Table 2 Soil classification based on soil behavior type index (Robertson and Wride 1998)

Fig. 3

Soil classification using normalized cone tip resistance (Q_tn) and friction ratio (F_r) based on Robertson and Wride (1998)

Fig. 4

Variation of soil behavior type index (I_c) along with the depth in the studied area

Void ratio (e) Prediction model

Prediction using mechanical cone

The void ratio is usually estimated from laboratory tests of collected soil samples from SPT. To eliminate the dependency on SPT, a prediction model for ‘e’ from CPT data was proposed in this study. A rigorous statistical analysis was conducted using the available data, and it was found that a power relation exists between e^0.5I_Cⁿ and Q_tn.

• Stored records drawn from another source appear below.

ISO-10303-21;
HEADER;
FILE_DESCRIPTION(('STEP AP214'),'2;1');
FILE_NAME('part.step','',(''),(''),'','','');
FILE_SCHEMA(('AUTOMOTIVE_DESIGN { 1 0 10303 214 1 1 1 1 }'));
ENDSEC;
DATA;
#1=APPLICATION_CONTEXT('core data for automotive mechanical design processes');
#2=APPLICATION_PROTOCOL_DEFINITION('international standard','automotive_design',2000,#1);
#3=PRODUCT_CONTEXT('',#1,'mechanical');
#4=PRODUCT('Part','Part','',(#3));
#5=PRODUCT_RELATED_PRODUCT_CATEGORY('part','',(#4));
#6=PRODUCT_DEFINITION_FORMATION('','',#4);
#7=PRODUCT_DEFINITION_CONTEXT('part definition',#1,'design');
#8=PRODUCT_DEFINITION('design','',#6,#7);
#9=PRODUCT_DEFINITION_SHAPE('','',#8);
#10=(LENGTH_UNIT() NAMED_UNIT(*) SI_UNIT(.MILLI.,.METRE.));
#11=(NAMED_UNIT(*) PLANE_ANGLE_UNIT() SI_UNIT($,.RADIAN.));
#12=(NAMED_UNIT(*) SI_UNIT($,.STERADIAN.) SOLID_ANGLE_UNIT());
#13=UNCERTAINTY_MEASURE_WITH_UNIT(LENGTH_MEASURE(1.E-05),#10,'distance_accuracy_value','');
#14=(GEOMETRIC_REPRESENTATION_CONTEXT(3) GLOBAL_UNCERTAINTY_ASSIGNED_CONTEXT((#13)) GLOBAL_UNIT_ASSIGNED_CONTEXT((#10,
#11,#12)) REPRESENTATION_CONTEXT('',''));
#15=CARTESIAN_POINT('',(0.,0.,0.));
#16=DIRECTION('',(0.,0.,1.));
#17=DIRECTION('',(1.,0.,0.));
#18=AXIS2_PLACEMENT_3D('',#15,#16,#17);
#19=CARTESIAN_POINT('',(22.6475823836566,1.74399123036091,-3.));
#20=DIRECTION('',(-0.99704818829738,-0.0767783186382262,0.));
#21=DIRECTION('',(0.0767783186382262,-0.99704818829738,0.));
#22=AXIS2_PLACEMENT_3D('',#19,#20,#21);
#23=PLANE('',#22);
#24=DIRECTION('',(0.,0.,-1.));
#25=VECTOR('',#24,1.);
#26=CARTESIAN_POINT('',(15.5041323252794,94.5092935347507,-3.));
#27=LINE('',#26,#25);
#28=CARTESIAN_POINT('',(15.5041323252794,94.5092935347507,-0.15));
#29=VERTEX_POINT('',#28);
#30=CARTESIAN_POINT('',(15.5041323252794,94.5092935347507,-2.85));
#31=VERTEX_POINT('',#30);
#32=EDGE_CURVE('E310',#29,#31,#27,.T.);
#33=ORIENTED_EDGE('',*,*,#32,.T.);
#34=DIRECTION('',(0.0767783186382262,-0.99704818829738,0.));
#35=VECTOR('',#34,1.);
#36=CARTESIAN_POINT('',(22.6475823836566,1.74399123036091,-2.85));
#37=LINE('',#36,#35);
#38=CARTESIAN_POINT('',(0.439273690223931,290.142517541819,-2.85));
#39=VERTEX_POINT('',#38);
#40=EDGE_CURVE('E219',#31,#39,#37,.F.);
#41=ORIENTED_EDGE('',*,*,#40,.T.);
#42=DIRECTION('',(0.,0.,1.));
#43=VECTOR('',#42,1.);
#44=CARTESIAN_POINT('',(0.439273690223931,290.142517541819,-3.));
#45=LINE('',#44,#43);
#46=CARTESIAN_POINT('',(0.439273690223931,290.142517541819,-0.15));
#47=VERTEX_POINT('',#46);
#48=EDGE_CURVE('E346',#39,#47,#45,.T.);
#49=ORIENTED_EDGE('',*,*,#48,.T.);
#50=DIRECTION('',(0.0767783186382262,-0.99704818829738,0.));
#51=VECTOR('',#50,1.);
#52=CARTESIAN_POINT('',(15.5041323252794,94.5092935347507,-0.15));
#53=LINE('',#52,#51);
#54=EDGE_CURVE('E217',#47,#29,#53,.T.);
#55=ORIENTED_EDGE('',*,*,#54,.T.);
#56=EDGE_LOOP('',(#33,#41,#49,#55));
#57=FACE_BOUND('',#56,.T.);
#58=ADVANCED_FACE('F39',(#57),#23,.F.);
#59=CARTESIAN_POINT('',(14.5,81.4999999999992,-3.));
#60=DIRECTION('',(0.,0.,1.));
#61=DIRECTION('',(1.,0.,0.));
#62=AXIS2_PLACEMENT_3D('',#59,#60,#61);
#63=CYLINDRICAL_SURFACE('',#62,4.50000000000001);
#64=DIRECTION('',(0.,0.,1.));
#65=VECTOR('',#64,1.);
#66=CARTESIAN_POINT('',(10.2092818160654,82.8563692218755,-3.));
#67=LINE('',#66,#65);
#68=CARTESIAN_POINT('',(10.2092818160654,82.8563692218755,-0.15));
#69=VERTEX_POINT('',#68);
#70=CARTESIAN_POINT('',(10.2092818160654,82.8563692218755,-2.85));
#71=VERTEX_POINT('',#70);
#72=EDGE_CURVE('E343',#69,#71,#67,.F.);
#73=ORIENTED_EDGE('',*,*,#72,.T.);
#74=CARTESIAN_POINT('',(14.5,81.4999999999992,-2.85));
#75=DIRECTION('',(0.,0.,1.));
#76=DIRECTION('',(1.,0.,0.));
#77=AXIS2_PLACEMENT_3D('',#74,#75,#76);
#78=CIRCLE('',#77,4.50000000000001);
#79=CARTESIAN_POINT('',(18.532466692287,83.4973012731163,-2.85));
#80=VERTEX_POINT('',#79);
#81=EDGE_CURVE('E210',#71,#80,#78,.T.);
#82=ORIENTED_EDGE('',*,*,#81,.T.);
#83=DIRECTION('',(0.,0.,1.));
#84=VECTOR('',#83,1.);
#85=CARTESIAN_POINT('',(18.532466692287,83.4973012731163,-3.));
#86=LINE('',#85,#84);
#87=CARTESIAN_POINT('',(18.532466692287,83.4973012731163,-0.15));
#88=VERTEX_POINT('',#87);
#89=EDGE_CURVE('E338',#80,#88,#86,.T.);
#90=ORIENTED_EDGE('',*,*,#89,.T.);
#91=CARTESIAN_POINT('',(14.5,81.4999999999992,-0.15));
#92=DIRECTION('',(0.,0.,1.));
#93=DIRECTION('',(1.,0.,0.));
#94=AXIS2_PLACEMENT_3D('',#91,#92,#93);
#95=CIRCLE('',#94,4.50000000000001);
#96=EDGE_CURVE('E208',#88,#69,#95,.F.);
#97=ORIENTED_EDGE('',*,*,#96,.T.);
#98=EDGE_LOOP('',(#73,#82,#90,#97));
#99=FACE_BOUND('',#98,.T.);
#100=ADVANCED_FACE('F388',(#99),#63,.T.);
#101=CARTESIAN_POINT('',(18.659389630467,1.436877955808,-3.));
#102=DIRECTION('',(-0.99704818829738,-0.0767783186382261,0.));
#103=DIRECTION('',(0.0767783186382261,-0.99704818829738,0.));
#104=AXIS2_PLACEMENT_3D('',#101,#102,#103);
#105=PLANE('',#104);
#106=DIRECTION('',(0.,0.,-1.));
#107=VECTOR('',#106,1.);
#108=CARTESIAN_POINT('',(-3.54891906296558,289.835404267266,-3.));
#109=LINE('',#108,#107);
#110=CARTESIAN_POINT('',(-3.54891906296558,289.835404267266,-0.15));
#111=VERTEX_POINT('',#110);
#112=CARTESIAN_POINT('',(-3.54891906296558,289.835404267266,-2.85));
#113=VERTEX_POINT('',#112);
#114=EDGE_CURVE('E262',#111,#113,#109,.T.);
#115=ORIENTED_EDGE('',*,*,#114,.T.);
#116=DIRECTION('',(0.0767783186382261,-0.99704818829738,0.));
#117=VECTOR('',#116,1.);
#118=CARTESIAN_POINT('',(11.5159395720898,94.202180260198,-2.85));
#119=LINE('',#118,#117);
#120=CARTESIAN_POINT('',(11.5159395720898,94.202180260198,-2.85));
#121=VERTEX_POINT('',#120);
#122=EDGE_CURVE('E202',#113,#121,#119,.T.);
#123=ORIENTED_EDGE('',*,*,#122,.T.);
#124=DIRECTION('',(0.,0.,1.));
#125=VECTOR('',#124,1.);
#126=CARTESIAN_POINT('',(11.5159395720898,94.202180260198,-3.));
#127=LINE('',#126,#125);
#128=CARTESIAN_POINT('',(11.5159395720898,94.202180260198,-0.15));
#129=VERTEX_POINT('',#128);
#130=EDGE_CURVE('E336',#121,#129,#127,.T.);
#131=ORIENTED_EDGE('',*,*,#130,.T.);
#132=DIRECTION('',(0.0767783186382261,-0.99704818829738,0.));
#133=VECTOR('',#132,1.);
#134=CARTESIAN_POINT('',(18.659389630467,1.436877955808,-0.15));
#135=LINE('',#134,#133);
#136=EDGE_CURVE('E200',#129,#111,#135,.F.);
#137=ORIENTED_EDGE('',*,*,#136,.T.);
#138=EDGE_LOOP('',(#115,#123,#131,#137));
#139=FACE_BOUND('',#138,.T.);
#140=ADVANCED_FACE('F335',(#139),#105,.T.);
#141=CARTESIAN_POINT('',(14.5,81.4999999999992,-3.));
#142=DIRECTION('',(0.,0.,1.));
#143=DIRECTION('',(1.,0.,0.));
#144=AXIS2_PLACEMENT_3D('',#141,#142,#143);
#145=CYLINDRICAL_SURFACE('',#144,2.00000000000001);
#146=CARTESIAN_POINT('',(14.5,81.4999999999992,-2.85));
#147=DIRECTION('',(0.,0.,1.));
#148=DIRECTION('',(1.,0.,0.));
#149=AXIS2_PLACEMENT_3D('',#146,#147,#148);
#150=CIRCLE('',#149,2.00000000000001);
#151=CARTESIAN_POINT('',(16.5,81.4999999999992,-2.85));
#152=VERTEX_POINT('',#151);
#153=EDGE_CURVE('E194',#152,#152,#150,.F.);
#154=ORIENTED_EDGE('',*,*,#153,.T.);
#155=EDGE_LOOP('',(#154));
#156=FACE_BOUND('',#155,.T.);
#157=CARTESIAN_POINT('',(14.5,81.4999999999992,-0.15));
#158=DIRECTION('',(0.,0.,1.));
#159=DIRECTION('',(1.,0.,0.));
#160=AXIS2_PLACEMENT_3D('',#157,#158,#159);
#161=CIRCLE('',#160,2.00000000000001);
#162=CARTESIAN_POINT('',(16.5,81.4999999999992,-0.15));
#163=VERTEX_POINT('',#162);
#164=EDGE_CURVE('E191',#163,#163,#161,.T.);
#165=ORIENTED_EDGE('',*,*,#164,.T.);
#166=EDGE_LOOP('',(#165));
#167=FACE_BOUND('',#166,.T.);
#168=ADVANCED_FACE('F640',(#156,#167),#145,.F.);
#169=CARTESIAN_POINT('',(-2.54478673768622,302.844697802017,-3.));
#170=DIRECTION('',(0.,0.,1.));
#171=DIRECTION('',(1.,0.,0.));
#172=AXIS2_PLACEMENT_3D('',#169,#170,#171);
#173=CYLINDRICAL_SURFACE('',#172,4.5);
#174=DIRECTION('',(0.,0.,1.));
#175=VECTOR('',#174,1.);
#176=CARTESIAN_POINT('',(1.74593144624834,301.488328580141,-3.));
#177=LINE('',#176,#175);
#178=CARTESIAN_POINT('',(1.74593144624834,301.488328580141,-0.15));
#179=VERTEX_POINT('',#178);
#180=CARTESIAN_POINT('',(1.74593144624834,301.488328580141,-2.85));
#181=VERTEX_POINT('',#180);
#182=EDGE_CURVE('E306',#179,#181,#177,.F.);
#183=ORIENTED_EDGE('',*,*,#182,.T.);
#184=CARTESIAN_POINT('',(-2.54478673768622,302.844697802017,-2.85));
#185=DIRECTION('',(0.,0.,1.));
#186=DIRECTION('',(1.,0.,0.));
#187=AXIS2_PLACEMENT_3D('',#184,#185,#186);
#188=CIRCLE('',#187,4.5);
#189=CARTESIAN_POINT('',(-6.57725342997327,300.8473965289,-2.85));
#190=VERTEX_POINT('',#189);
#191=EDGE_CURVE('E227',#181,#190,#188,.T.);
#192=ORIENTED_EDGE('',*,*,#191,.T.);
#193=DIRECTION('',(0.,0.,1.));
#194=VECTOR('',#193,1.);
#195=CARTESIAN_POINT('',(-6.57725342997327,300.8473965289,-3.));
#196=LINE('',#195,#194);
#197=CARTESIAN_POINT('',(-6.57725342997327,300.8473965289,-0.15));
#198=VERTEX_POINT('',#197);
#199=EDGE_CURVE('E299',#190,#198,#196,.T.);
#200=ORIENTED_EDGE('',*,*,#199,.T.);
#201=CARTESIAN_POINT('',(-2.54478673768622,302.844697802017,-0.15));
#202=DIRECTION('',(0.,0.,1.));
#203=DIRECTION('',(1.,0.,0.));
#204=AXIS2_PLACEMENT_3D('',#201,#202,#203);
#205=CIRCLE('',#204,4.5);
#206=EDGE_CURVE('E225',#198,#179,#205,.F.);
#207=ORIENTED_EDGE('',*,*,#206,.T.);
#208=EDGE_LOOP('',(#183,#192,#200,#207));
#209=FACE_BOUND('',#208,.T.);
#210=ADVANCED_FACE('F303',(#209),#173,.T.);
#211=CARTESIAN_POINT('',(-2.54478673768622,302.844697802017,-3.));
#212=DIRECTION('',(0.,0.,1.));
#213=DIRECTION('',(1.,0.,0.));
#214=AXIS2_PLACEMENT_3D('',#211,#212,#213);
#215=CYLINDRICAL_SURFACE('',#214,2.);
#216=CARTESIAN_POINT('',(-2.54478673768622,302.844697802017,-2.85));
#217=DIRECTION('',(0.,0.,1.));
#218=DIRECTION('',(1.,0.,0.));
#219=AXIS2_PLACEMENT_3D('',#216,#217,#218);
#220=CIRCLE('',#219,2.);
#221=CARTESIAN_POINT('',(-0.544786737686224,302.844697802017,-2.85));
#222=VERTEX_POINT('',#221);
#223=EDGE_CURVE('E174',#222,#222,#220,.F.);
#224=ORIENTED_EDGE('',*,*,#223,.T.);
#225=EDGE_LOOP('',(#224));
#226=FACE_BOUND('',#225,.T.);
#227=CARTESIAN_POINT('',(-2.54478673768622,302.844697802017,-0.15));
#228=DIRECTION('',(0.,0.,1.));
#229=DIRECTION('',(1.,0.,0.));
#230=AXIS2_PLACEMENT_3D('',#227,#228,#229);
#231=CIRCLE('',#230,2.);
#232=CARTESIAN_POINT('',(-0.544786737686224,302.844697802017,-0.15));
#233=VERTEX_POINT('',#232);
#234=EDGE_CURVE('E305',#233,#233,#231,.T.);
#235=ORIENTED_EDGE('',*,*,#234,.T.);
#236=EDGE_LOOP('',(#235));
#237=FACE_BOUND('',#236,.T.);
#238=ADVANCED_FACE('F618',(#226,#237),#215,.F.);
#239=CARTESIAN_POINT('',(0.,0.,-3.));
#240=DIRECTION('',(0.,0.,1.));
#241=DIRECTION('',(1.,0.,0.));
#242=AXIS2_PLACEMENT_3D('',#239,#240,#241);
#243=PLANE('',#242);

The term plotted on the Y-axis in Fig. 5b, i.e., e^0.5I_Cⁿ, is called the Factored Void Ratio (FVR) here. The actual measured void ratio needed for correlation formulation is obtained from the results of SPT testing available for the site. It has been assumed that there is no/little change in soil properties within small distances between SPT and nearby CPT locations (within a distance of 150 m.). From that location, cone tip parameters are chosen at a depth of known void ratios. A total of 194 CPT data points are gathered from the mechanical cone, and regression analysis is carried out. The datasets used are shown as bar charts with individual counts and their respective CPT locations in Fig. 5a. The trend between the FVR and I_C is shown in Fig. 5b. The functional form of the equation obtained between the FVR and Q_tn is also shown in the figure. The proposed CPT-e correlation with an R² value of 0.92 is given below:

Fig. 5

(a) Dataset distribution (total count: 194) at various locations (e.g., C1 is CPT test location 1 and S5 is SPT test location as shown in Fig. 1) used for formulating void ratio prediction model, (b) Trend between factored void ratio (FVR) and normalized cone tip resistance (Q_tn)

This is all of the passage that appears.